Among the entries below, the lines from the one with "settings GRTTargetCC: CombineOutputUpdateFcns=off" up to and including the one with "ZYX : util_extra_lib/ZYX" are to be restated exactly, without pictures.

──────── PROVIDED INFORMATION ────────

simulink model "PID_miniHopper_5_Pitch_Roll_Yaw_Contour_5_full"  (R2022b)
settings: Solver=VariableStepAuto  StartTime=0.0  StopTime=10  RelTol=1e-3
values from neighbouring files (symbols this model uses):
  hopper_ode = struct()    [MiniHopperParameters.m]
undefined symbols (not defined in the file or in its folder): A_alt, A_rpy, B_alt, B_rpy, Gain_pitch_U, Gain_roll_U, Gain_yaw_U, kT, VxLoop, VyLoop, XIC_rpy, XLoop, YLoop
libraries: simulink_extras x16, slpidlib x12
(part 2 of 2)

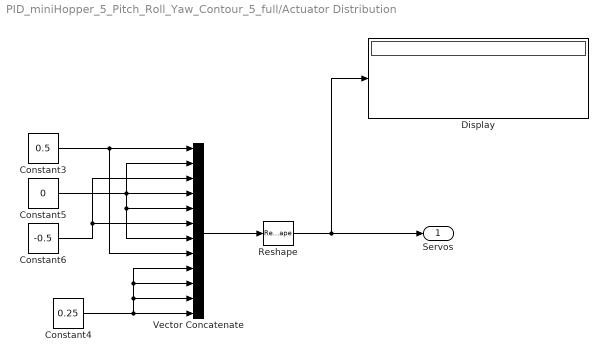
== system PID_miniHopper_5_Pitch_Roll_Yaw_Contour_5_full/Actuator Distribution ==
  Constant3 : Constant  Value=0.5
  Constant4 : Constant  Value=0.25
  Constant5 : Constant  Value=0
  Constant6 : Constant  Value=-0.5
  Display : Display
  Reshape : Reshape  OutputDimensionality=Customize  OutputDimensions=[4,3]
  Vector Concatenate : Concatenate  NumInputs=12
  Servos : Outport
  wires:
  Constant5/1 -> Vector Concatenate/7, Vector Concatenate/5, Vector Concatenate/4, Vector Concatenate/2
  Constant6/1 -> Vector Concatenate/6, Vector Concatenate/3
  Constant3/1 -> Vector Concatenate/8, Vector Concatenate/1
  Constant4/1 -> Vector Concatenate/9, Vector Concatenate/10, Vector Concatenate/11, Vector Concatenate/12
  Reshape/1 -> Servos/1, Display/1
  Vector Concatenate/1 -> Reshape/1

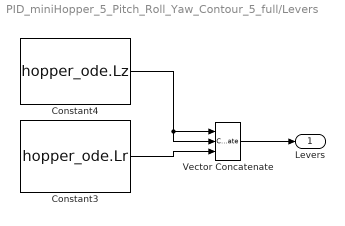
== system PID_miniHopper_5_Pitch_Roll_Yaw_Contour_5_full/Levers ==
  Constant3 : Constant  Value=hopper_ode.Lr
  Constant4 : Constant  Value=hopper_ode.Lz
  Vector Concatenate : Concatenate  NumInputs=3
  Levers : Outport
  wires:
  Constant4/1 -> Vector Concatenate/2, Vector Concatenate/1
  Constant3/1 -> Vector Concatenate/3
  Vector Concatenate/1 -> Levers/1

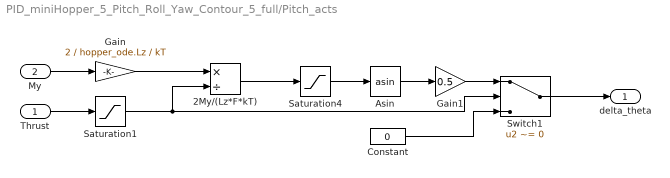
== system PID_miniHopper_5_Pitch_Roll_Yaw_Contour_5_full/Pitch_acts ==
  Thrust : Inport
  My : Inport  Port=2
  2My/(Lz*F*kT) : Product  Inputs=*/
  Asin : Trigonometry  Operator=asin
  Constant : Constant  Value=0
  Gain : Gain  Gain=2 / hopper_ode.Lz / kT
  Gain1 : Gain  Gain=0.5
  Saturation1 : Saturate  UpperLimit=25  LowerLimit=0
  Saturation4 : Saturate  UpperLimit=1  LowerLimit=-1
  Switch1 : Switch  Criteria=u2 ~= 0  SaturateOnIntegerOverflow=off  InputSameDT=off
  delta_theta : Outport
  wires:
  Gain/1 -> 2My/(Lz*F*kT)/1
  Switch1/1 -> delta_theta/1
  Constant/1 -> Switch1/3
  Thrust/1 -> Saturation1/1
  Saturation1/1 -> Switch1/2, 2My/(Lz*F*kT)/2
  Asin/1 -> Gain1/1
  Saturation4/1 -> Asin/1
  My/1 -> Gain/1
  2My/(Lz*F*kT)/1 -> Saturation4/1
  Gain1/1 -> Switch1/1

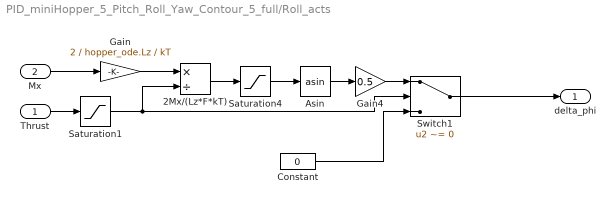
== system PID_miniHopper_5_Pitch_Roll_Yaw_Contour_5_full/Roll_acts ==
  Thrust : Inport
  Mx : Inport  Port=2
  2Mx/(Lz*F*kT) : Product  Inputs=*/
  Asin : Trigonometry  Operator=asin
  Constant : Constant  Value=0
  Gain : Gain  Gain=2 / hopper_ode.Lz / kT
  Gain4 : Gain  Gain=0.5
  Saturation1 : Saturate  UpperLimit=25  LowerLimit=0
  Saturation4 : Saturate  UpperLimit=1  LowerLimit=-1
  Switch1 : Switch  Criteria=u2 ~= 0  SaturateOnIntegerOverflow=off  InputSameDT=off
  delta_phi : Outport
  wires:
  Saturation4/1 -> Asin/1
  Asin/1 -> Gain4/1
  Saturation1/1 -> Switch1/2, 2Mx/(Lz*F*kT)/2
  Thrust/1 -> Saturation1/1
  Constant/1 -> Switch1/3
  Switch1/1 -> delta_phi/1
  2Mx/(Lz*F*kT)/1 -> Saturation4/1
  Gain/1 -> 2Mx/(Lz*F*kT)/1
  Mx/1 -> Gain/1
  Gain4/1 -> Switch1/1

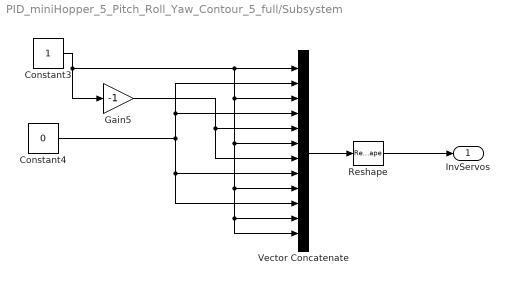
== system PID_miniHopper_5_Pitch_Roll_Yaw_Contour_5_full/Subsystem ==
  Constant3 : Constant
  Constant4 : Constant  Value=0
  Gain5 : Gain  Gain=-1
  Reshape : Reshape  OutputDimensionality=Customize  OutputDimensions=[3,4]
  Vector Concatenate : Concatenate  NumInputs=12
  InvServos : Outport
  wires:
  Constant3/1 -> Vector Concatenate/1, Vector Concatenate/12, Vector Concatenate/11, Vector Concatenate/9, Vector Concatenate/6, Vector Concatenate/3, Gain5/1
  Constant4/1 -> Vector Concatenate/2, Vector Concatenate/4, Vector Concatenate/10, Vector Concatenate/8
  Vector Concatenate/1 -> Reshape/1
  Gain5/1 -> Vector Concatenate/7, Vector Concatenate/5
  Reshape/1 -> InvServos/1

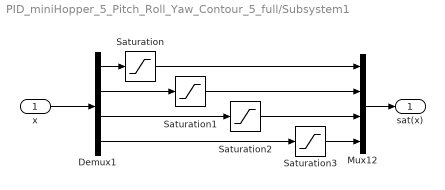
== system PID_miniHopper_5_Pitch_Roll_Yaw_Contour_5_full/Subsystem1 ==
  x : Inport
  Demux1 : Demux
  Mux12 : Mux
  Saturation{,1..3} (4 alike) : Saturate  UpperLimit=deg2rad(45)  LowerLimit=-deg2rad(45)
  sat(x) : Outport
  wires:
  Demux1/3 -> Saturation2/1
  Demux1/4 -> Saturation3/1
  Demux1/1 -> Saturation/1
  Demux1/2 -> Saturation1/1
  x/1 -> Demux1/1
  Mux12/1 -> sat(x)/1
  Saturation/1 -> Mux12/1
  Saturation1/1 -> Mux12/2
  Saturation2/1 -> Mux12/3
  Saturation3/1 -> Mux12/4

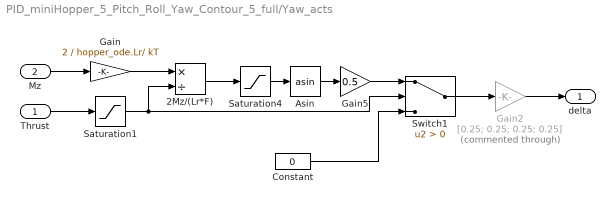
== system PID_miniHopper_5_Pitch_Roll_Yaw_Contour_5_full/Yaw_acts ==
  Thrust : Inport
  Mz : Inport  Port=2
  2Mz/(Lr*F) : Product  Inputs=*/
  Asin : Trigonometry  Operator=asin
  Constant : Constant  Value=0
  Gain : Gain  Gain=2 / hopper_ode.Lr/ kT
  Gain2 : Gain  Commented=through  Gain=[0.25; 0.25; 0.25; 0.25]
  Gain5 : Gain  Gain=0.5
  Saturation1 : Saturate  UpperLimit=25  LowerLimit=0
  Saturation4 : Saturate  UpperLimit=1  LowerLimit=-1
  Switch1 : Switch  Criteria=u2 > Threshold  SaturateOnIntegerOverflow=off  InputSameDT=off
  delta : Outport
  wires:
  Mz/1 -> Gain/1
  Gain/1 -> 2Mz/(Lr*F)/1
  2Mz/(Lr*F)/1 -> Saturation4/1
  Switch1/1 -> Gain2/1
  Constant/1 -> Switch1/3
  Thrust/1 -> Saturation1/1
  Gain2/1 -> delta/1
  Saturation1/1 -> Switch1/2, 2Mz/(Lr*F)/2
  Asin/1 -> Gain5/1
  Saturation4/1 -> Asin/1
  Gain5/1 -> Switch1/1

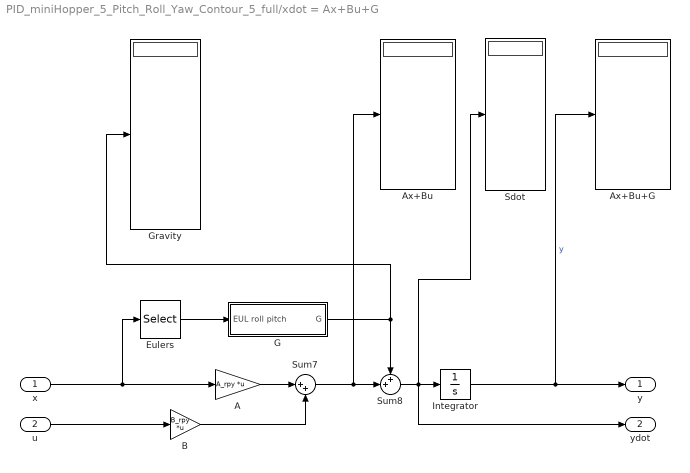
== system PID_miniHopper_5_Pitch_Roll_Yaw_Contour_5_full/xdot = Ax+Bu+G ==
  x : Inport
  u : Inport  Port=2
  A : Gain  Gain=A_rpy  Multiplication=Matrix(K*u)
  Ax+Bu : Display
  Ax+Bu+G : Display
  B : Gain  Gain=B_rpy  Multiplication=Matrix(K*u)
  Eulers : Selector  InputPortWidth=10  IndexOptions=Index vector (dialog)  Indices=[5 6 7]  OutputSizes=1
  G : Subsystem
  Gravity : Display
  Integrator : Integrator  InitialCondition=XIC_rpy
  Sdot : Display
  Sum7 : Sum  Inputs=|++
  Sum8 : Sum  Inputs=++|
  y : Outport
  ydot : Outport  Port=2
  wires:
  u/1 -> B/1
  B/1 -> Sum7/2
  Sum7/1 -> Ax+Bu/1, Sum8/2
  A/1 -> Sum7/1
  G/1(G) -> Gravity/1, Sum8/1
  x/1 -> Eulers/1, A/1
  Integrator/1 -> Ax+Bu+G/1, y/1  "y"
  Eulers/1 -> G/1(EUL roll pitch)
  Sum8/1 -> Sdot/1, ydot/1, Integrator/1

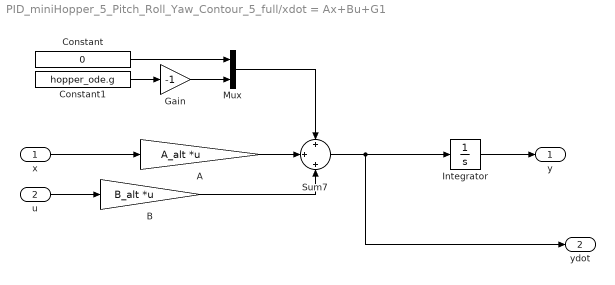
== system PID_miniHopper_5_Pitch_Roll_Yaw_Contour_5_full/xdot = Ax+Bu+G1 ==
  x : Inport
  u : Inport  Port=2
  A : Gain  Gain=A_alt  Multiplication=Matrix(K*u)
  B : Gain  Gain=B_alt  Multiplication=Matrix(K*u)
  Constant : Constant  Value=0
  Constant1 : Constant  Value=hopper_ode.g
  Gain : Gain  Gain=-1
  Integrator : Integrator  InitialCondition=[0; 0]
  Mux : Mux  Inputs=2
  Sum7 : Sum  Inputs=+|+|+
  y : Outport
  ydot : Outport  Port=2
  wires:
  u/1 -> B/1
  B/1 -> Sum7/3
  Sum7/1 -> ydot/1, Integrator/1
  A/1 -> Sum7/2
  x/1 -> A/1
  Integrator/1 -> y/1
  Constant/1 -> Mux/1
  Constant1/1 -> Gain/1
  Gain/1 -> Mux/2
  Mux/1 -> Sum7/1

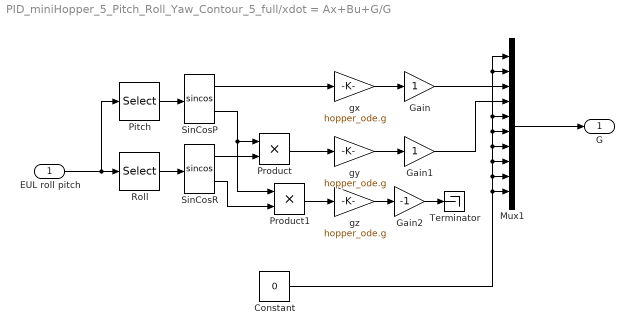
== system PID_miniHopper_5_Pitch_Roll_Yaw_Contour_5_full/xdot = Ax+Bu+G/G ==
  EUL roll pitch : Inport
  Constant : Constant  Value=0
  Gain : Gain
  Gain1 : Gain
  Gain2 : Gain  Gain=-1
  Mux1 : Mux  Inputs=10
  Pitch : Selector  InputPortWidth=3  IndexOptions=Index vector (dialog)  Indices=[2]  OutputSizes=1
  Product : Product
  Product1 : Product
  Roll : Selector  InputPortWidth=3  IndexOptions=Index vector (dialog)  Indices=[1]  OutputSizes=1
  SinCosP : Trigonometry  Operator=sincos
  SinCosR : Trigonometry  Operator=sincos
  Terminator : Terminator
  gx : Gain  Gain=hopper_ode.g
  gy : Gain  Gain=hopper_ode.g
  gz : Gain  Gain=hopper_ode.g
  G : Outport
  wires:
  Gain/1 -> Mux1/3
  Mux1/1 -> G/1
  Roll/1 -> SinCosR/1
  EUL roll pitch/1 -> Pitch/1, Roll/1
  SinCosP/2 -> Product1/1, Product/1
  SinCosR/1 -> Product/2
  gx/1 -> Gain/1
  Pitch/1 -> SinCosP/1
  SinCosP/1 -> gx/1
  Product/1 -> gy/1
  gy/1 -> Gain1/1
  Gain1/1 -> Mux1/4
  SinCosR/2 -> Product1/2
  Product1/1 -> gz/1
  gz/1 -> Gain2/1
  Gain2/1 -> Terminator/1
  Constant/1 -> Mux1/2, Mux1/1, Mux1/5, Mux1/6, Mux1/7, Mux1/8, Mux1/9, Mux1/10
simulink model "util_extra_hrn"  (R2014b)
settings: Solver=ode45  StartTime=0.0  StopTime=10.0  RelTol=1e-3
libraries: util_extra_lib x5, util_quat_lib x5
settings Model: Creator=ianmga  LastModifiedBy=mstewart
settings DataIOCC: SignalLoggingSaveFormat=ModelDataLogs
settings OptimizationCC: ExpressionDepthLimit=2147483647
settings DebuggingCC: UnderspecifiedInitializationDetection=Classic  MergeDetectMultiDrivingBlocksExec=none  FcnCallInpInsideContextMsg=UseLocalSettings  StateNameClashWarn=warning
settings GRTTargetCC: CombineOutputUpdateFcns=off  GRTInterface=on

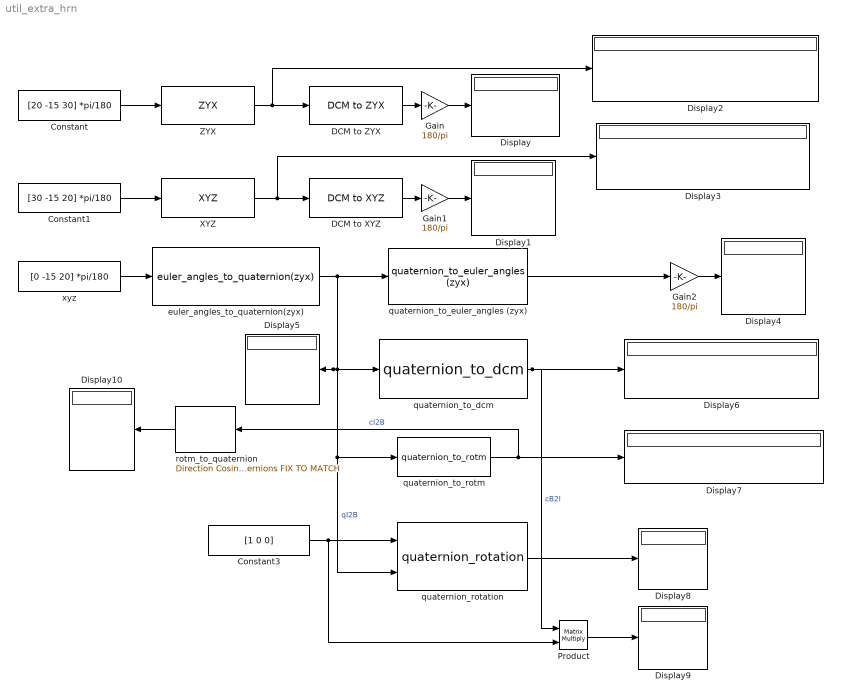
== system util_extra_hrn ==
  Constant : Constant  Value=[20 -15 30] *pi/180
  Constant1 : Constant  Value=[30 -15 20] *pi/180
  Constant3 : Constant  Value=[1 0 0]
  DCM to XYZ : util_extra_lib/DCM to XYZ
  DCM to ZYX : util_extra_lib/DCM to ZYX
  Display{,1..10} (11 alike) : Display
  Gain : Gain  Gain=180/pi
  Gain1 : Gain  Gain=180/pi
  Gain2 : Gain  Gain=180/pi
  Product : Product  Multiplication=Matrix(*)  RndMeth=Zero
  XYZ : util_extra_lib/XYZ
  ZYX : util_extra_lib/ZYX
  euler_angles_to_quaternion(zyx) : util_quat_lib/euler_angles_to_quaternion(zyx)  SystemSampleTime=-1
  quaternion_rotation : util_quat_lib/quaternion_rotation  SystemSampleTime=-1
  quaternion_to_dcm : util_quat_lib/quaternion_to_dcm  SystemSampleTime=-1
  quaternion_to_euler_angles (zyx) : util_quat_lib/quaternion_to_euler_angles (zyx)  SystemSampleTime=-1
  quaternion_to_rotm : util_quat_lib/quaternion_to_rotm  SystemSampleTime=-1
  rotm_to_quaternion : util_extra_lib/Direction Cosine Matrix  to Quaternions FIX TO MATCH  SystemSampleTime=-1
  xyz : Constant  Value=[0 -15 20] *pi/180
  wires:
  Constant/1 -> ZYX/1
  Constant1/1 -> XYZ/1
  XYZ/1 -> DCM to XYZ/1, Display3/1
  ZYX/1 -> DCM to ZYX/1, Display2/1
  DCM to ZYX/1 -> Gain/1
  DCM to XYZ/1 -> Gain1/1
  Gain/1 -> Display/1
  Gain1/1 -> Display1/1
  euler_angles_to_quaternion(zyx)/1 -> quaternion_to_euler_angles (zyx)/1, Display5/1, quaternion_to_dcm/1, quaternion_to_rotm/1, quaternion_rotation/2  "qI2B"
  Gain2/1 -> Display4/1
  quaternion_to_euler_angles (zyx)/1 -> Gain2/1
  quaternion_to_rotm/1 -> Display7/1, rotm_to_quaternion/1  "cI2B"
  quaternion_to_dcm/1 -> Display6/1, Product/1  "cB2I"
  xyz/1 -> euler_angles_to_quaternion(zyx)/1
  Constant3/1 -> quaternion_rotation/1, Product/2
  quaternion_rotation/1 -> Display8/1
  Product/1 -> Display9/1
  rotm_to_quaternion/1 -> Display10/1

────────

* SOLUTION TO THE PROBLEM
settings GRTTargetCC: CombineOutputUpdateFcns=off  GRTInterface=on

== system util_extra_hrn ==
  Constant : Constant  Value=[20 -15 30] *pi/180
  Constant1 : Constant  Value=[30 -15 20] *pi/180
  Constant3 : Constant  Value=[1 0 0]
  DCM to XYZ : util_extra_lib/DCM to XYZ
  DCM to ZYX : util_extra_lib/DCM to ZYX
  Display{,1..10} (11 alike) : Display
  Gain : Gain  Gain=180/pi
  Gain1 : Gain  Gain=180/pi
  Gain2 : Gain  Gain=180/pi
  Product : Product  Multiplication=Matrix(*)  RndMeth=Zero
  XYZ : util_extra_lib/XYZ
  ZYX : util_extra_lib/ZYX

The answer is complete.